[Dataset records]
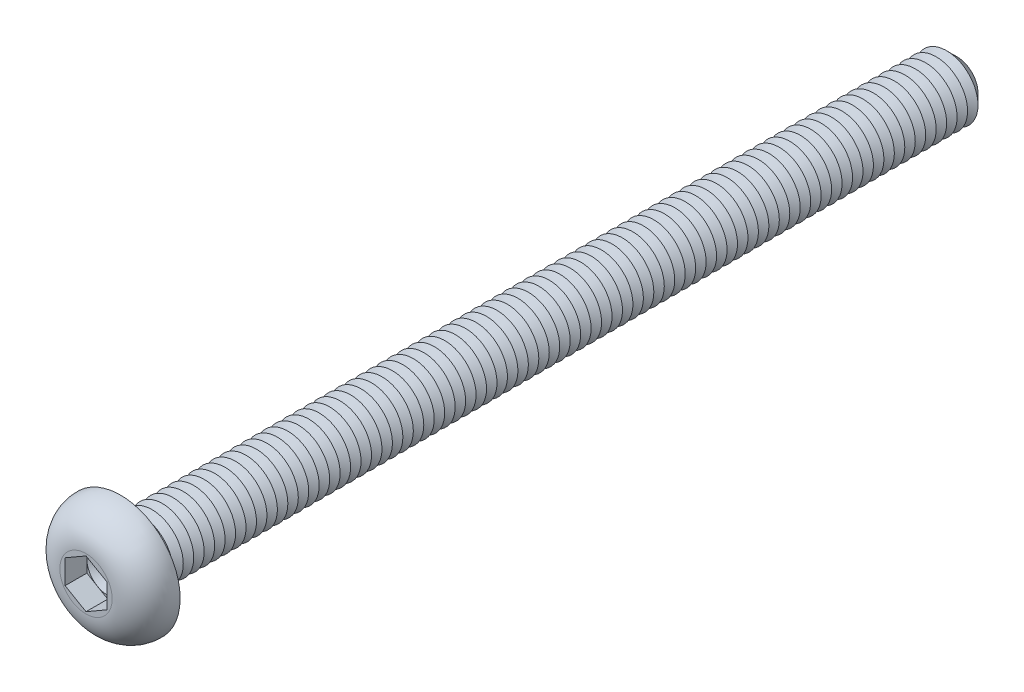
ISO-10303-21;
HEADER;
FILE_DESCRIPTION(('STEP AP214'),'2;1');
FILE_NAME('part.step','',(''),(''),'','','');
FILE_SCHEMA(('AUTOMOTIVE_DESIGN { 1 0 10303 214 1 1 1 1 }'));
ENDSEC;
DATA;
#1=APPLICATION_CONTEXT('core data for automotive mechanical design processes');
#2=APPLICATION_PROTOCOL_DEFINITION('international standard','automotive_design',2000,#1);
#3=PRODUCT_CONTEXT('',#1,'mechanical');
#4=PRODUCT('Part','Part','',(#3));
#5=PRODUCT_RELATED_PRODUCT_CATEGORY('part','',(#4));
#6=PRODUCT_DEFINITION_FORMATION('','',#4);
#7=PRODUCT_DEFINITION_CONTEXT('part definition',#1,'design');
#8=PRODUCT_DEFINITION('design','',#6,#7);
#9=PRODUCT_DEFINITION_SHAPE('','',#8);
#10=(LENGTH_UNIT() NAMED_UNIT(*) SI_UNIT(.MILLI.,.METRE.));
#11=(NAMED_UNIT(*) PLANE_ANGLE_UNIT() SI_UNIT($,.RADIAN.));
#12=(NAMED_UNIT(*) SI_UNIT($,.STERADIAN.) SOLID_ANGLE_UNIT());
#13=UNCERTAINTY_MEASURE_WITH_UNIT(LENGTH_MEASURE(1.E-05),#10,'distance_accuracy_value','');
#14=(GEOMETRIC_REPRESENTATION_CONTEXT(3) GLOBAL_UNCERTAINTY_ASSIGNED_CONTEXT((#13)) GLOBAL_UNIT_ASSIGNED_CONTEXT((#10,
#11,#12)) REPRESENTATION_CONTEXT('',''));
#15=CARTESIAN_POINT('',(0.,0.,0.));
#16=DIRECTION('',(0.,0.,1.));
#17=DIRECTION('',(1.,0.,0.));
#18=AXIS2_PLACEMENT_3D('',#15,#16,#17);
#19=CARTESIAN_POINT('',(0.,0.,0.61));
#20=DIRECTION('',(0.,0.,1.));
#21=DIRECTION('',(1.,0.,0.));
#22=AXIS2_PLACEMENT_3D('',#19,#20,#21);
#23=PLANE('',#22);
#24=CARTESIAN_POINT('',(0.,0.,0.61));
#25=DIRECTION('',(0.,0.,1.));
#26=DIRECTION('',(1.,0.,0.));
#27=AXIS2_PLACEMENT_3D('',#24,#25,#26);
#28=CIRCLE('',#27,1.);
#29=CARTESIAN_POINT('',(1.,0.,0.61));
#30=VERTEX_POINT('',#29);
#31=CARTESIAN_POINT('',(0.5,0.866025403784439,0.61));
#32=VERTEX_POINT('',#31);
#33=EDGE_CURVE('E117',#30,#32,#28,.T.);
#34=ORIENTED_EDGE('',*,*,#33,.F.);
#35=DIRECTION('',(0.,1.,0.));
#36=VECTOR('',#35,1.);
#37=CARTESIAN_POINT('',(1.,-0.577350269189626,0.61));
#38=LINE('',#37,#36);
#39=CARTESIAN_POINT('',(1.,0.577350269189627,0.61));
#40=VERTEX_POINT('',#39);
#41=EDGE_CURVE('E140',#30,#40,#38,.T.);
#42=ORIENTED_EDGE('',*,*,#41,.T.);
#43=DIRECTION('',(-0.866025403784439,0.5,0.));
#44=VECTOR('',#43,1.);
#45=CARTESIAN_POINT('',(1.,0.577350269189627,0.61));
#46=LINE('',#45,#44);
#47=EDGE_CURVE('E135',#40,#32,#46,.T.);
#48=ORIENTED_EDGE('',*,*,#47,.T.);
#49=EDGE_LOOP('',(#34,#42,#48));
#50=FACE_BOUND('',#49,.T.);
#51=ADVANCED_FACE('F39',(#50),#23,.T.);
#52=CARTESIAN_POINT('',(0.,0.,0.61));
#53=DIRECTION('',(0.,0.,1.));
#54=DIRECTION('',(1.,0.,0.));
#55=AXIS2_PLACEMENT_3D('',#52,#53,#54);
#56=CIRCLE('',#55,1.);
#57=CARTESIAN_POINT('',(-0.5,0.866025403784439,0.61));
#58=VERTEX_POINT('',#57);
#59=EDGE_CURVE('E11',#32,#58,#56,.T.);
#60=ORIENTED_EDGE('',*,*,#59,.F.);
#61=CARTESIAN_POINT('',(0.,1.15470053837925,0.61));
#62=VERTEX_POINT('',#61);
#63=EDGE_CURVE('E130',#32,#62,#46,.T.);
#64=ORIENTED_EDGE('',*,*,#63,.T.);
#65=DIRECTION('',(-0.866025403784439,-0.5,0.));
#66=VECTOR('',#65,1.);
#67=CARTESIAN_POINT('',(0.,1.15470053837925,0.61));
#68=LINE('',#67,#66);
#69=EDGE_CURVE('E132',#62,#58,#68,.T.);
#70=ORIENTED_EDGE('',*,*,#69,.T.);
#71=EDGE_LOOP('',(#60,#64,#70));
#72=FACE_BOUND('',#71,.T.);
#73=ADVANCED_FACE('F129',(#72),#23,.T.);
#74=CARTESIAN_POINT('',(-1.,0.,0.61));
#75=VERTEX_POINT('',#74);
#76=EDGE_CURVE('E49',#58,#75,#56,.T.);
#77=ORIENTED_EDGE('',*,*,#76,.F.);
#78=CARTESIAN_POINT('',(-1.,0.577350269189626,0.61));
#79=VERTEX_POINT('',#78);
#80=EDGE_CURVE('E143',#58,#79,#68,.T.);
#81=ORIENTED_EDGE('',*,*,#80,.T.);
#82=DIRECTION('',(0.,-1.,0.));
#83=VECTOR('',#82,1.);
#84=CARTESIAN_POINT('',(-1.,0.577350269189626,0.61));
#85=LINE('',#84,#83);
#86=EDGE_CURVE('E154',#79,#75,#85,.T.);
#87=ORIENTED_EDGE('',*,*,#86,.T.);
#88=EDGE_LOOP('',(#77,#81,#87));
#89=FACE_BOUND('',#88,.T.);
#90=ADVANCED_FACE('F253',(#89),#23,.T.);
#91=CARTESIAN_POINT('',(-0.5,-0.866025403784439,0.61));
#92=VERTEX_POINT('',#91);
#93=EDGE_CURVE('E234',#75,#92,#56,.T.);
#94=ORIENTED_EDGE('',*,*,#93,.F.);
#95=CARTESIAN_POINT('',(-1.,-0.577350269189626,0.61));
#96=VERTEX_POINT('',#95);
#97=EDGE_CURVE('E153',#75,#96,#85,.T.);
#98=ORIENTED_EDGE('',*,*,#97,.T.);
#99=DIRECTION('',(0.866025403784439,-0.5,0.));
#100=VECTOR('',#99,1.);
#101=CARTESIAN_POINT('',(-1.,-0.577350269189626,0.61));
#102=LINE('',#101,#100);
#103=EDGE_CURVE('E159',#96,#92,#102,.T.);
#104=ORIENTED_EDGE('',*,*,#103,.T.);
#105=EDGE_LOOP('',(#94,#98,#104));
#106=FACE_BOUND('',#105,.T.);
#107=ADVANCED_FACE('F246',(#106),#23,.T.);
#108=CARTESIAN_POINT('',(0.5,-0.866025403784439,0.61));
#109=VERTEX_POINT('',#108);
#110=EDGE_CURVE('E56',#92,#109,#56,.T.);
#111=ORIENTED_EDGE('',*,*,#110,.F.);
#112=CARTESIAN_POINT('',(0.,-1.15470053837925,0.61));
#113=VERTEX_POINT('',#112);
#114=EDGE_CURVE('E158',#92,#113,#102,.T.);
#115=ORIENTED_EDGE('',*,*,#114,.T.);
#116=DIRECTION('',(0.866025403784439,0.5,0.));
#117=VECTOR('',#116,1.);
#118=CARTESIAN_POINT('',(0.,-1.15470053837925,0.61));
#119=LINE('',#118,#117);
#120=EDGE_CURVE('E164',#113,#109,#119,.T.);
#121=ORIENTED_EDGE('',*,*,#120,.T.);
#122=EDGE_LOOP('',(#111,#115,#121));
#123=FACE_BOUND('',#122,.T.);
#124=ADVANCED_FACE('F901',(#123),#23,.T.);
#125=CARTESIAN_POINT('',(0.,0.,-40.));
#126=DIRECTION('',(0.,0.,1.));
#127=DIRECTION('',(1.,0.,0.));
#128=AXIS2_PLACEMENT_3D('',#125,#126,#127);
#129=CYLINDRICAL_SURFACE('',#128,1.5);
#130=CARTESIAN_POINT('',(0.,0.,-0.199999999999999));
#131=DIRECTION('',(0.,0.,1.));
#132=DIRECTION('',(1.,0.,0.));
#133=AXIS2_PLACEMENT_3D('',#130,#131,#132);
#134=CIRCLE('',#133,1.5);
#135=CARTESIAN_POINT('',(1.5,0.,-0.199999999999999));
#136=VERTEX_POINT('',#135);
#137=EDGE_CURVE('E221',#136,#136,#134,.F.);
#138=ORIENTED_EDGE('',*,*,#137,.T.);
#139=EDGE_LOOP('',(#138));
#140=FACE_BOUND('',#139,.T.);
#141=CARTESIAN_POINT('',(0.,0.,-0.5));
#142=DIRECTION('',(0.,0.,1.));
#143=DIRECTION('',(1.,0.,0.));
#144=AXIS2_PLACEMENT_3D('',#141,#142,#143);
#145=CIRCLE('',#144,1.50000000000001);
#146=CARTESIAN_POINT('',(1.50000000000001,0.,-0.5));
#147=VERTEX_POINT('',#146);
#148=EDGE_CURVE('E149',#147,#147,#145,.T.);
#149=ORIENTED_EDGE('',*,*,#148,.T.);
#150=EDGE_LOOP('',(#149));
#151=FACE_BOUND('',#150,.T.);
#152=ADVANCED_FACE('F885',(#140,#151),#129,.T.);
#153=CARTESIAN_POINT('',(0.,2.85,0.));
#154=DIRECTION('',(0.,0.,1.));
#155=DIRECTION('',(1.,0.,0.));
#156=AXIS2_PLACEMENT_3D('',#153,#154,#155);
#157=PLANE('',#156);
#158=CARTESIAN_POINT('',(0.,0.,0.));
#159=DIRECTION('',(0.,0.,1.));
#160=DIRECTION('',(1.,0.,0.));
#161=AXIS2_PLACEMENT_3D('',#158,#159,#160);
#162=CIRCLE('',#161,1.7);
#163=CARTESIAN_POINT('',(1.7,0.,0.));
#164=VERTEX_POINT('',#163);
#165=EDGE_CURVE('E224',#164,#164,#162,.T.);
#166=ORIENTED_EDGE('',*,*,#165,.T.);
#167=EDGE_LOOP('',(#166));
#168=FACE_BOUND('',#167,.T.);
#169=CARTESIAN_POINT('',(0.,0.,0.));
#170=DIRECTION('',(0.,0.,1.));
#171=DIRECTION('',(1.,0.,0.));
#172=AXIS2_PLACEMENT_3D('',#169,#170,#171);
#173=CIRCLE('',#172,2.85);
#174=CARTESIAN_POINT('',(2.85,0.,0.));
#175=VERTEX_POINT('',#174);
#176=EDGE_CURVE('E196',#175,#175,#173,.T.);
#177=ORIENTED_EDGE('',*,*,#176,.F.);
#178=EDGE_LOOP('',(#177));
#179=FACE_BOUND('',#178,.T.);
#180=ADVANCED_FACE('F931',(#168,#179),#157,.F.);
#181=CARTESIAN_POINT('',(0.,0.,1.65));
#182=DIRECTION('',(0.,0.,-1.));
#183=DIRECTION('',(-1.,0.,0.));
#184=AXIS2_PLACEMENT_3D('',#181,#182,#183);
#185=PLANE('',#184);
#186=DIRECTION('',(-0.866025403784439,-0.5,0.));
#187=VECTOR('',#186,1.);
#188=CARTESIAN_POINT('',(0.,1.15470053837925,1.65));
#189=LINE('',#188,#187);
#190=CARTESIAN_POINT('',(0.,1.15470053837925,1.65));
#191=VERTEX_POINT('',#190);
#192=CARTESIAN_POINT('',(-1.,0.577350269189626,1.65));
#193=VERTEX_POINT('',#192);
#194=EDGE_CURVE('E174',#191,#193,#189,.T.);
#195=ORIENTED_EDGE('',*,*,#194,.F.);
#196=DIRECTION('',(-0.866025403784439,0.5,0.));
#197=VECTOR('',#196,1.);
#198=CARTESIAN_POINT('',(1.,0.577350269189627,1.65));
#199=LINE('',#198,#197);
#200=CARTESIAN_POINT('',(1.,0.577350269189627,1.65));
#201=VERTEX_POINT('',#200);
#202=EDGE_CURVE('E64',#201,#191,#199,.T.);
#203=ORIENTED_EDGE('',*,*,#202,.F.);
#204=DIRECTION('',(0.,1.,0.));
#205=VECTOR('',#204,1.);
#206=CARTESIAN_POINT('',(1.,-0.577350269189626,1.65));
#207=LINE('',#206,#205);
#208=CARTESIAN_POINT('',(1.,-0.577350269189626,1.65));
#209=VERTEX_POINT('',#208);
#210=EDGE_CURVE('E138',#209,#201,#207,.T.);
#211=ORIENTED_EDGE('',*,*,#210,.F.);
#212=DIRECTION('',(0.866025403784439,0.5,0.));
#213=VECTOR('',#212,1.);
#214=CARTESIAN_POINT('',(0.,-1.15470053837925,1.65));
#215=LINE('',#214,#213);
#216=CARTESIAN_POINT('',(0.,-1.15470053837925,1.65));
#217=VERTEX_POINT('',#216);
#218=EDGE_CURVE('E186',#217,#209,#215,.T.);
#219=ORIENTED_EDGE('',*,*,#218,.F.);
#220=DIRECTION('',(0.866025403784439,-0.5,0.));
#221=VECTOR('',#220,1.);
#222=CARTESIAN_POINT('',(-1.,-0.577350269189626,1.65));
#223=LINE('',#222,#221);
#224=CARTESIAN_POINT('',(-1.,-0.577350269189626,1.65));
#225=VERTEX_POINT('',#224);
#226=EDGE_CURVE('E182',#225,#217,#223,.T.);
#227=ORIENTED_EDGE('',*,*,#226,.F.);
#228=DIRECTION('',(0.,-1.,0.));
#229=VECTOR('',#228,1.);
#230=CARTESIAN_POINT('',(-1.,0.577350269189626,1.65));
#231=LINE('',#230,#229);
#232=EDGE_CURVE('E178',#193,#225,#231,.T.);
#233=ORIENTED_EDGE('',*,*,#232,.F.);
#234=EDGE_LOOP('',(#195,#203,#211,#219,#227,#233));
#235=FACE_BOUND('',#234,.T.);
#236=CARTESIAN_POINT('',(0.,0.,1.65));
#237=DIRECTION('',(0.,0.,1.));
#238=DIRECTION('',(1.,0.,0.));
#239=AXIS2_PLACEMENT_3D('',#236,#237,#238);
#240=CIRCLE('',#239,1.25078144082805);
#241=CARTESIAN_POINT('',(1.25078144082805,0.,1.65));
#242=VERTEX_POINT('',#241);
#243=EDGE_CURVE('E214',#242,#242,#240,.T.);
#244=ORIENTED_EDGE('',*,*,#243,.T.);
#245=EDGE_LOOP('',(#244));
#246=FACE_BOUND('',#245,.T.);
#247=ADVANCED_FACE('F262',(#235,#246),#185,.F.);
#248=CARTESIAN_POINT('',(0.,0.,0.0499999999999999));
#249=DIRECTION('',(0.,0.,1.));
#250=DIRECTION('',(1.,0.,0.));
#251=AXIS2_PLACEMENT_3D('',#248,#249,#250);
#252=DEGENERATE_TOROIDAL_SURFACE('',#251,1.25078144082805,1.6,.T.);
#253=ORIENTED_EDGE('',*,*,#243,.F.);
#254=EDGE_LOOP('',(#253));
#255=FACE_BOUND('',#254,.T.);
#256=ORIENTED_EDGE('',*,*,#176,.T.);
#257=EDGE_LOOP('',(#256));
#258=FACE_BOUND('',#257,.T.);
#259=ADVANCED_FACE('F925',(#255,#258),#252,.T.);
#260=CARTESIAN_POINT('',(1.,0.577350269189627,0.61));
#261=DIRECTION('',(0.5,0.866025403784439,0.));
#262=DIRECTION('',(-0.866025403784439,0.5,0.));
#263=AXIS2_PLACEMENT_3D('',#260,#261,#262);
#264=PLANE('',#263);
#265=ORIENTED_EDGE('',*,*,#202,.T.);
#266=DIRECTION('',(0.,0.,1.));
#267=VECTOR('',#266,1.);
#268=CARTESIAN_POINT('',(0.,1.15470053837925,0.61));
#269=LINE('',#268,#267);
#270=EDGE_CURVE('E136',#62,#191,#269,.T.);
#271=ORIENTED_EDGE('',*,*,#270,.F.);
#272=ORIENTED_EDGE('',*,*,#63,.F.);
#273=ORIENTED_EDGE('',*,*,#47,.F.);
#274=DIRECTION('',(0.,0.,1.));
#275=VECTOR('',#274,1.);
#276=CARTESIAN_POINT('',(1.,0.577350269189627,0.61));
#277=LINE('',#276,#275);
#278=EDGE_CURVE('E193',#40,#201,#277,.T.);
#279=ORIENTED_EDGE('',*,*,#278,.T.);
#280=EDGE_LOOP('',(#265,#271,#272,#273,#279));
#281=FACE_BOUND('',#280,.T.);
#282=ADVANCED_FACE('F134',(#281),#264,.F.);
#283=CARTESIAN_POINT('',(1.,-0.577350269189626,0.61));
#284=DIRECTION('',(1.,0.,0.));
#285=DIRECTION('',(0.,0.,-1.));
#286=AXIS2_PLACEMENT_3D('',#283,#284,#285);
#287=PLANE('',#286);
#288=ORIENTED_EDGE('',*,*,#210,.T.);
#289=ORIENTED_EDGE('',*,*,#278,.F.);
#290=ORIENTED_EDGE('',*,*,#41,.F.);
#291=CARTESIAN_POINT('',(1.,-0.577350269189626,0.61));
#292=VERTEX_POINT('',#291);
#293=EDGE_CURVE('E168',#292,#30,#38,.T.);
#294=ORIENTED_EDGE('',*,*,#293,.F.);
#295=DIRECTION('',(0.,0.,1.));
#296=VECTOR('',#295,1.);
#297=CARTESIAN_POINT('',(1.,-0.577350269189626,0.61));
#298=LINE('',#297,#296);
#299=EDGE_CURVE('E197',#292,#209,#298,.T.);
#300=ORIENTED_EDGE('',*,*,#299,.T.);
#301=EDGE_LOOP('',(#288,#289,#290,#294,#300));
#302=FACE_BOUND('',#301,.T.);
#303=ADVANCED_FACE('F909',(#302),#287,.F.);
#304=CARTESIAN_POINT('',(0.,-1.15470053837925,0.61));
#305=DIRECTION('',(0.5,-0.866025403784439,0.));
#306=DIRECTION('',(0.866025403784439,0.5,0.));
#307=AXIS2_PLACEMENT_3D('',#304,#305,#306);
#308=PLANE('',#307);
#309=ORIENTED_EDGE('',*,*,#218,.T.);
#310=ORIENTED_EDGE('',*,*,#299,.F.);
#311=EDGE_CURVE('E163',#109,#292,#119,.T.);
#312=ORIENTED_EDGE('',*,*,#311,.F.);
#313=ORIENTED_EDGE('',*,*,#120,.F.);
#314=DIRECTION('',(0.,0.,1.));
#315=VECTOR('',#314,1.);
#316=CARTESIAN_POINT('',(0.,-1.15470053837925,0.61));
#317=LINE('',#316,#315);
#318=EDGE_CURVE('E200',#113,#217,#317,.T.);
#319=ORIENTED_EDGE('',*,*,#318,.T.);
#320=EDGE_LOOP('',(#309,#310,#312,#313,#319));
#321=FACE_BOUND('',#320,.T.);
#322=ADVANCED_FACE('F912',(#321),#308,.F.);
#323=CARTESIAN_POINT('',(-1.,-0.577350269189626,0.61));
#324=DIRECTION('',(-0.5,-0.866025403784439,0.));
#325=DIRECTION('',(0.866025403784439,-0.5,0.));
#326=AXIS2_PLACEMENT_3D('',#323,#324,#325);
#327=PLANE('',#326);
#328=ORIENTED_EDGE('',*,*,#226,.T.);
#329=ORIENTED_EDGE('',*,*,#318,.F.);
#330=ORIENTED_EDGE('',*,*,#114,.F.);
#331=ORIENTED_EDGE('',*,*,#103,.F.);
#332=DIRECTION('',(0.,0.,1.));
#333=VECTOR('',#332,1.);
#334=CARTESIAN_POINT('',(-1.,-0.577350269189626,0.61));
#335=LINE('',#334,#333);
#336=EDGE_CURVE('E203',#96,#225,#335,.T.);
#337=ORIENTED_EDGE('',*,*,#336,.T.);
#338=EDGE_LOOP('',(#328,#329,#330,#331,#337));
#339=FACE_BOUND('',#338,.T.);
#340=ADVANCED_FACE('F267',(#339),#327,.F.);
#341=CARTESIAN_POINT('',(-1.,0.577350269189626,0.61));
#342=DIRECTION('',(-1.,0.,0.));
#343=DIRECTION('',(0.,-1.,0.));
#344=AXIS2_PLACEMENT_3D('',#341,#342,#343);
#345=PLANE('',#344);
#346=ORIENTED_EDGE('',*,*,#232,.T.);
#347=ORIENTED_EDGE('',*,*,#336,.F.);
#348=ORIENTED_EDGE('',*,*,#97,.F.);
#349=ORIENTED_EDGE('',*,*,#86,.F.);
#350=DIRECTION('',(0.,0.,1.));
#351=VECTOR('',#350,1.);
#352=CARTESIAN_POINT('',(-1.,0.577350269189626,0.61));
#353=LINE('',#352,#351);
#354=EDGE_CURVE('E206',#79,#193,#353,.T.);
#355=ORIENTED_EDGE('',*,*,#354,.T.);
#356=EDGE_LOOP('',(#346,#347,#348,#349,#355));
#357=FACE_BOUND('',#356,.T.);
#358=ADVANCED_FACE('F251',(#357),#345,.F.);
#359=CARTESIAN_POINT('',(0.,1.15470053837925,0.61));
#360=DIRECTION('',(-0.5,0.866025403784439,0.));
#361=DIRECTION('',(-0.866025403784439,-0.5,0.));
#362=AXIS2_PLACEMENT_3D('',#359,#360,#361);
#363=PLANE('',#362);
#364=ORIENTED_EDGE('',*,*,#194,.T.);
#365=ORIENTED_EDGE('',*,*,#354,.F.);
#366=ORIENTED_EDGE('',*,*,#80,.F.);
#367=ORIENTED_EDGE('',*,*,#69,.F.);
#368=ORIENTED_EDGE('',*,*,#270,.T.);
#369=EDGE_LOOP('',(#364,#365,#366,#367,#368));
#370=FACE_BOUND('',#369,.T.);
#371=ADVANCED_FACE('F256',(#370),#363,.F.);
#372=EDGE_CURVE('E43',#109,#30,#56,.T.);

EXERCISE BRIEF -> Print exactly the lines from the first line of the records above through the line containing "#9=PRODUCT_DEFINITION_SHAPE('','',#8);", both included, and leave the pictures out.

ANSWER SECTION ->
ISO-10303-21;
HEADER;
FILE_DESCRIPTION(('STEP AP214'),'2;1');
FILE_NAME('part.step','',(''),(''),'','','');
FILE_SCHEMA(('AUTOMOTIVE_DESIGN { 1 0 10303 214 1 1 1 1 }'));
ENDSEC;
DATA;
#1=APPLICATION_CONTEXT('core data for automotive mechanical design processes');
#2=APPLICATION_PROTOCOL_DEFINITION('international standard','automotive_design',2000,#1);
#3=PRODUCT_CONTEXT('',#1,'mechanical');
#4=PRODUCT('Part','Part','',(#3));
#5=PRODUCT_RELATED_PRODUCT_CATEGORY('part','',(#4));
#6=PRODUCT_DEFINITION_FORMATION('','',#4);
#7=PRODUCT_DEFINITION_CONTEXT('part definition',#1,'design');
#8=PRODUCT_DEFINITION('design','',#6,#7);
#9=PRODUCT_DEFINITION_SHAPE('','',#8);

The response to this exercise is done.